Question

please solve question 3

Answer 1

$\textbf{\huge{\underline{ Hello Mate! }}}$

Let' solve the given equation,

${4}^{x} - {4}^{x - 1} = 24 \\ \\ {4}^{x} - {4}^{x} \times {4}^{ - 1} = 24 \\ \\ {4}^{x} (1 - {4}^{ - 1} ) = 24 \\ \\ {4}^{x} (1 - \frac{1}{4} ) = 24 \\ \\ {4}^{x} \times \frac{3}{4} = 24 \\ \\ {4}^{x} = 24 \times \frac{4}{3} \\ \\ {2}^{2x} = 32 \\ \\ {2}^{2x} = {2}^{5} \\ \\ 2x = 5 \\ \\ x = \frac{5}{2}$

$\textsf{\red{ Hence value of x is 5 / 2 }}$

$\textbf{ Have great future ahead! }$

Answer 2

Hey there!

We're given the expression of a value raised to a variable of "x". Here's the solution to this question, via exponential rules and cancellation of common factors.

$\bf{Expression \: \: is: \: 4^x - 4^{x - 1} = 24]$

$\bf{4^{x - 1 + 1} - 4{x - 1} = 24}$

Apply the following exponential rule, that is:

$\boxed{\bf{Exponential \: \: Rule: \: a^{b + c} = a^b \times a^c}}$

Here, $\bf{4^{x - 1 + 1} = 4^1 \times 4^{x - 1}}$

Now, just factor out the common term in this newly formed expression.

$\bf{4^{x - 1} \Big(4^1 - 1 \Big) = 24}$

$\bf{3 \times 4^{x - 1} = 24}$

Divide both the current given sides by a value of "3":

$\bf{\dfrac{3 \times 4^{x - 1}}{3} = \dfrac{24}{3}}$

$\bf{4^{x - 1} = 8}$

Now, just do the conversion of the value "4" to a base of "2" raised to the power of "2", that is, in an exponential form. Therefore;

$\bf{(2^2)^{x - 1} = 8}$

Similarly, do this with the value of "8", convert it to the base of "2" raised to a power of "3", in a exponential form.

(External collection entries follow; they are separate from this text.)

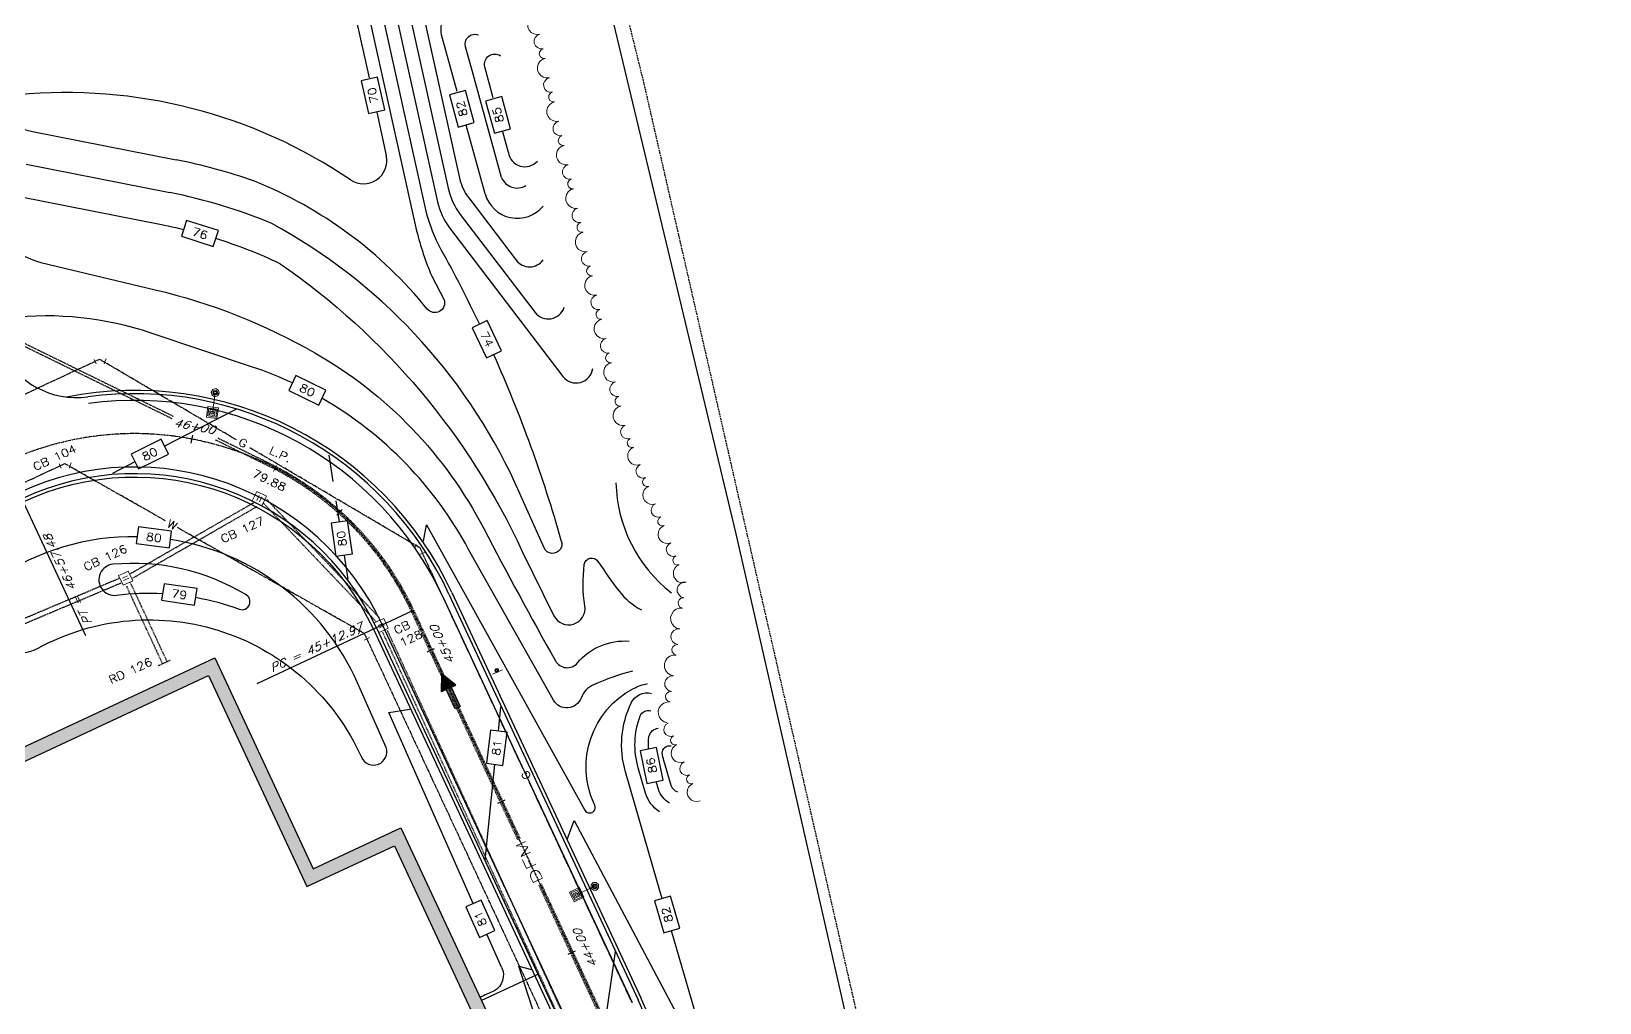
# Model space of a CAD drawing. Header units: feet. Extents: x 1024297 to 1030998, y 90489 to 94481.
# Drawn here: x 1026079.3 to 1026549.6, y 91761.5 to 92052.5 of the extents above; entities that cross this region are included whole.
import ezdxf
from ezdxf.enums import TextEntityAlignment as Align

# ---------------------------------------------------------------- set-up
doc = ezdxf.new("R2010")
doc.units = ezdxf.units.FT
doc.header["$MEASUREMENT"] = 0
for name, pattern in [('CENTER2', [1.125, 0.75, -0.125, 0.125, -0.125]), ('DASHED', [0.75, 0.5, -0.25]), ('GAS', [1.44, 0.9, -0.06, 0.15, -0.06, 0, -0.06, 0.15, -0.06]), ('HIDDEN', [0.375, 0.25, -0.125]), ('WATER', [1.14, 0.9, -0.06, 0, -0.06, 0, -0.06, 0, -0.06])]:
    doc.linetypes.add(name, pattern=pattern)
for name, color, linetype in [('LOW', 7, 'DASHED'), ('P1COL', 4, 'Continuous'), ('P1SWT', 4, 'Continuous'), ('P5PML', 1, 'Continuous'), ('P6BLL', 6, 'CENTER2'), ('P6BUL', 6, 'Continuous'), ('P6CUL', 6, 'Continuous'), ('P6DRL', 6, 'HIDDEN'), ('P6GAL', 6, 'GAS'), ('P6TOS', 3, 'Continuous'), ('P6TRL', 6, 'Continuous'), ('P6WAL', 6, 'Continuous'), ('P6WTL', 6, 'WATER'), ('P7BUL', 3, 'Continuous'), ('P7COT', 3, 'Continuous'), ('P7DRS', 3, 'Continuous'), ('P7DRT', 3, 'Continuous'), ('P7DRT-RD', 3, 'Continuous'), ('P7EPL', 3, 'Continuous'), ('P7FCL', 3, 'CLF'), ('P7MSS', 3, 'Continuous'), ('P7TFA', 3, 'Continuous'), ('P7UTS', 3, 'Continuous'), ('STALBL', 3, 'Continuous'), ('STAPTS', 3, 'Continuous')]:
    doc.layers.add(name, color=color, linetype=linetype)
doc.styles.add('60', font='simplex.shx', dxfattribs={"width": 1.15, "height": 2.4})
doc.styles.add('60S', font='simplex.shx', dxfattribs={"width": 1.15, "oblique": 22, "height": 2.4})
doc.styles.add('80', font='simplex.shx', dxfattribs={"width": 1.66, "height": 3.08})
doc.linetypes.add('CLF', pattern='A,0.28,-0.017891,["X",Standard,S=0.065,R=0,X=0,Y=-0.024733],-0.0663', length=0.364191)

# ---------------------------------------------------------------- blocks, each defined once
blk = doc.blocks.new('45')
at = {"color": 0, "linetype": 'ByBlock', "lineweight": 0}
for points in [[(-0.016, 0.046), (-0.046, 0.016)], [(0.038, 0.02), (0.038, -0.016)]]:
    blk.add_lwpolyline(points, dxfattribs=at)
blk = doc.blocks.new('CB')
at = {"color": 0, "linetype": 'ByBlock', "lineweight": 0}
for points in [[(0.039, 0.001), (0.039, 0.041), (-0.041, 0.041), (-0.041, -0.039), (0.039, -0.039), (0.039, 0.001), (0.039, 0.001)], [(-0.01, -0.02), (-0.01, 0.022)], [(0.009, 0.022), (0.009, -0.02)]]:
    blk.add_lwpolyline(points, dxfattribs=at)
blk = doc.blocks.new('CBB')
at = {"color": 0, "linetype": 'ByBlock', "lineweight": 0}
for points in [[(0.04, 0.041), (0.04, 0.08), (-0.041, 0.08), (-0.041, 0.001), (0.04, 0.001), (0.04, 0.041), (0.04, 0.041)], [(-0.011, 0.02), (-0.011, 0.061)], [(0.01, 0.061), (0.01, 0.02)]]:
    blk.add_lwpolyline(points, dxfattribs=at)
blk = doc.blocks.new('SIGN1')
at = {"color": 0, "linetype": 'ByBlock', "lineweight": 0}
for points in [[(-0.041, 0.014), (0.04, 0.014)], [(0.013, 0), (0.011, 0.007), (0.007, 0.012), (0, 0.014), (-0.007, 0.012), (-0.012, 0.007), (-0.014, 0), (-0.012, -0.007), (-0.007, -0.011), (0, -0.013), (0.007, -0.011), (0.011, -0.007), (0.013, 0), (0.013, 0)], [(0.007, 0), (0.005, 0.005), (0, 0.007), (-0.005, 0.005), (-0.007, 0), (-0.005, -0.005), (0, -0.007), (0.005, -0.005), (0.007, 0), (0.007, 0)]]:
    blk.add_lwpolyline(points, dxfattribs=at)
blk = doc.blocks.new('PLP1')
at = {"color": 0, "linetype": 'ByBlock', "lineweight": 0}
for points in [[(-0.001, 0.191), (0.039, 0.191), (0.039, 0.11), (-0.041, 0.11), (-0.041, 0.191), (-0.001, 0.191), (-0.001, 0.191)], [(-0.001, 0.181), (0.03, 0.181), (0.03, 0.122), (-0.032, 0.122), (-0.032, 0.181), (-0.001, 0.181), (-0.001, 0.181)], [(-0.001, 0.172), (0.018, 0.172), (0.018, 0.131), (-0.02, 0.131), (-0.02, 0.172), (-0.001, 0.172), (-0.001, 0.172)], [(-0.001, 0.16), (0.009, 0.16), (0.009, 0.141), (-0.011, 0.141), (-0.011, 0.16), (-0.001, 0.16), (-0.001, 0.16)], [(-0.001, 0.001), (-0.001, 0.151)], [(0.03, 0.001), (0.02, 0.022), (-0.001, 0.032), (-0.022, 0.022), (-0.032, 0.001), (-0.022, -0.02), (-0.001, -0.03), (0.02, -0.02), (0.03, 0.001), (0.03, 0.001)], [(0.018, 0.001), (0.012, 0.014), (-0.001, 0.02), (-0.014, 0.014), (-0.02, 0.001), (-0.014, -0.012), (-0.001, -0.018), (0.012, -0.012), (0.018, 0.001), (0.018, 0.001)], [(0.009, 0.001), (0.007, 0.009), (-0.001, 0.011), (-0.009, 0.009), (-0.011, 0.001), (-0.009, -0.007), (-0.001, -0.009), (0.007, -0.007), (0.009, 0.001), (0.009, 0.001)]]:
    blk.add_lwpolyline(points, dxfattribs=at)
blk = doc.blocks.new('TREE2')
at = {"color": 0, "linetype": 'ByBlock', "lineweight": 0}
for points in [[(0.221, 0.001), (0.216, 0.036), (0.201, 0.066), (0.176, 0.091), (0.144, 0.106), (0.111, 0.113), (0.076, 0.106), (0.044, 0.091), (0.021, 0.066), (0.004, 0.036), (-0.001, 0.001)], [(0.333, 0.001), (0.324, 0.029), (0.304, 0.049), (0.278, 0.056), (0.249, 0.049), (0.229, 0.029), (0.221, 0.001)], [(0.499, 0.001), (0.493, 0.033), (0.474, 0.059), (0.448, 0.078), (0.416, 0.084), (0.384, 0.078), (0.358, 0.059), (0.339, 0.033), (0.333, 0.001)]]:
    blk.add_lwpolyline(points, dxfattribs=at)
blk = doc.blocks.new('LBL_TIC')
blk.add_line((0, -0.04165), (0, 0.04165))
blk = doc.blocks.new('STA_TIC')
blk.add_line((0, -0.04165), (0, 0.04165))
blk = doc.blocks.new('TF')
for p, q in [((0.001, -0.02), (0.001, 0.02)), ((0.001, 0.02), (0.161, 0.02)), ((0.161, 0.02), (0.161, 0.06)), ((0.161, 0.06), (0.281, 0)), ((0.161, -0.06), (0.281, 0)), ((0.161, -0.02), (0.001, -0.02)), ((0.161, -0.02), (0.161, -0.06))]:
    blk.add_line(p, q)
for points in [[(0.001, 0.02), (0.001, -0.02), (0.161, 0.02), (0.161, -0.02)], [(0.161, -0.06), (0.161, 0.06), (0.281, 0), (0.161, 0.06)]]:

$\bf{(2^2)^{x - 1} = 2^3}$

Apply the exponential rule for raised multiplication that is,

$\boxed{\bf{Exponential \: \: Rule: \: \big(a^b \big)^c = a^{b \times c}}}$

$\bf{\therefore \quad Here, \: \: \: \: (2^2)^{x - 1} = 2^{2 \times (x - 1)}}$

$\bf{\therefore \quad 2^{2 \times (x - 1)} = 2^3}$

This'll mean, we've equal bases, that is, according to the rule of similar bases the exponential functions are equivalent and the same base gets cancelled or equalled, that is:

$\boxed{\bf{Base \: \: Rule: \: a^{f(x)} = a^{g(x)}; \quad then, \: \: f(x) = g(x)}}$

$\bf{\therefore \quad 2 \times (x - 1) = 3}$

Divide both the sides with a value of "2", to cancel out the multiplier in numerator.

$\bf{\dfrac{2 \times (x - 1)}{2} = \dfrac{3}{2}}$

$\bf{\therefore \quad x - 1 = \dfrac{3}{2}}$

Add the value of "1" to both the sides.

$\bf{x - 1 + 1 = \dfrac{3}{2} + 1}$

$\bf{x = \dfrac{1 \times 2}{2} + \dfrac{3}{2}}$

$\bf{x = \dfrac{1 \times 2 + 3}{2}}$

$\bf{x = \dfrac{2 + 3}{2}}$

$\boxed{\bf{\underline{\therefore \quad Final \: \: Answer: \: x = \dfrac{5}{2}}}}$

Which is the required solution for this type of query.

Hope this helps you and clears your doubt in heavily detailed manner for exponent applications!!!!!!!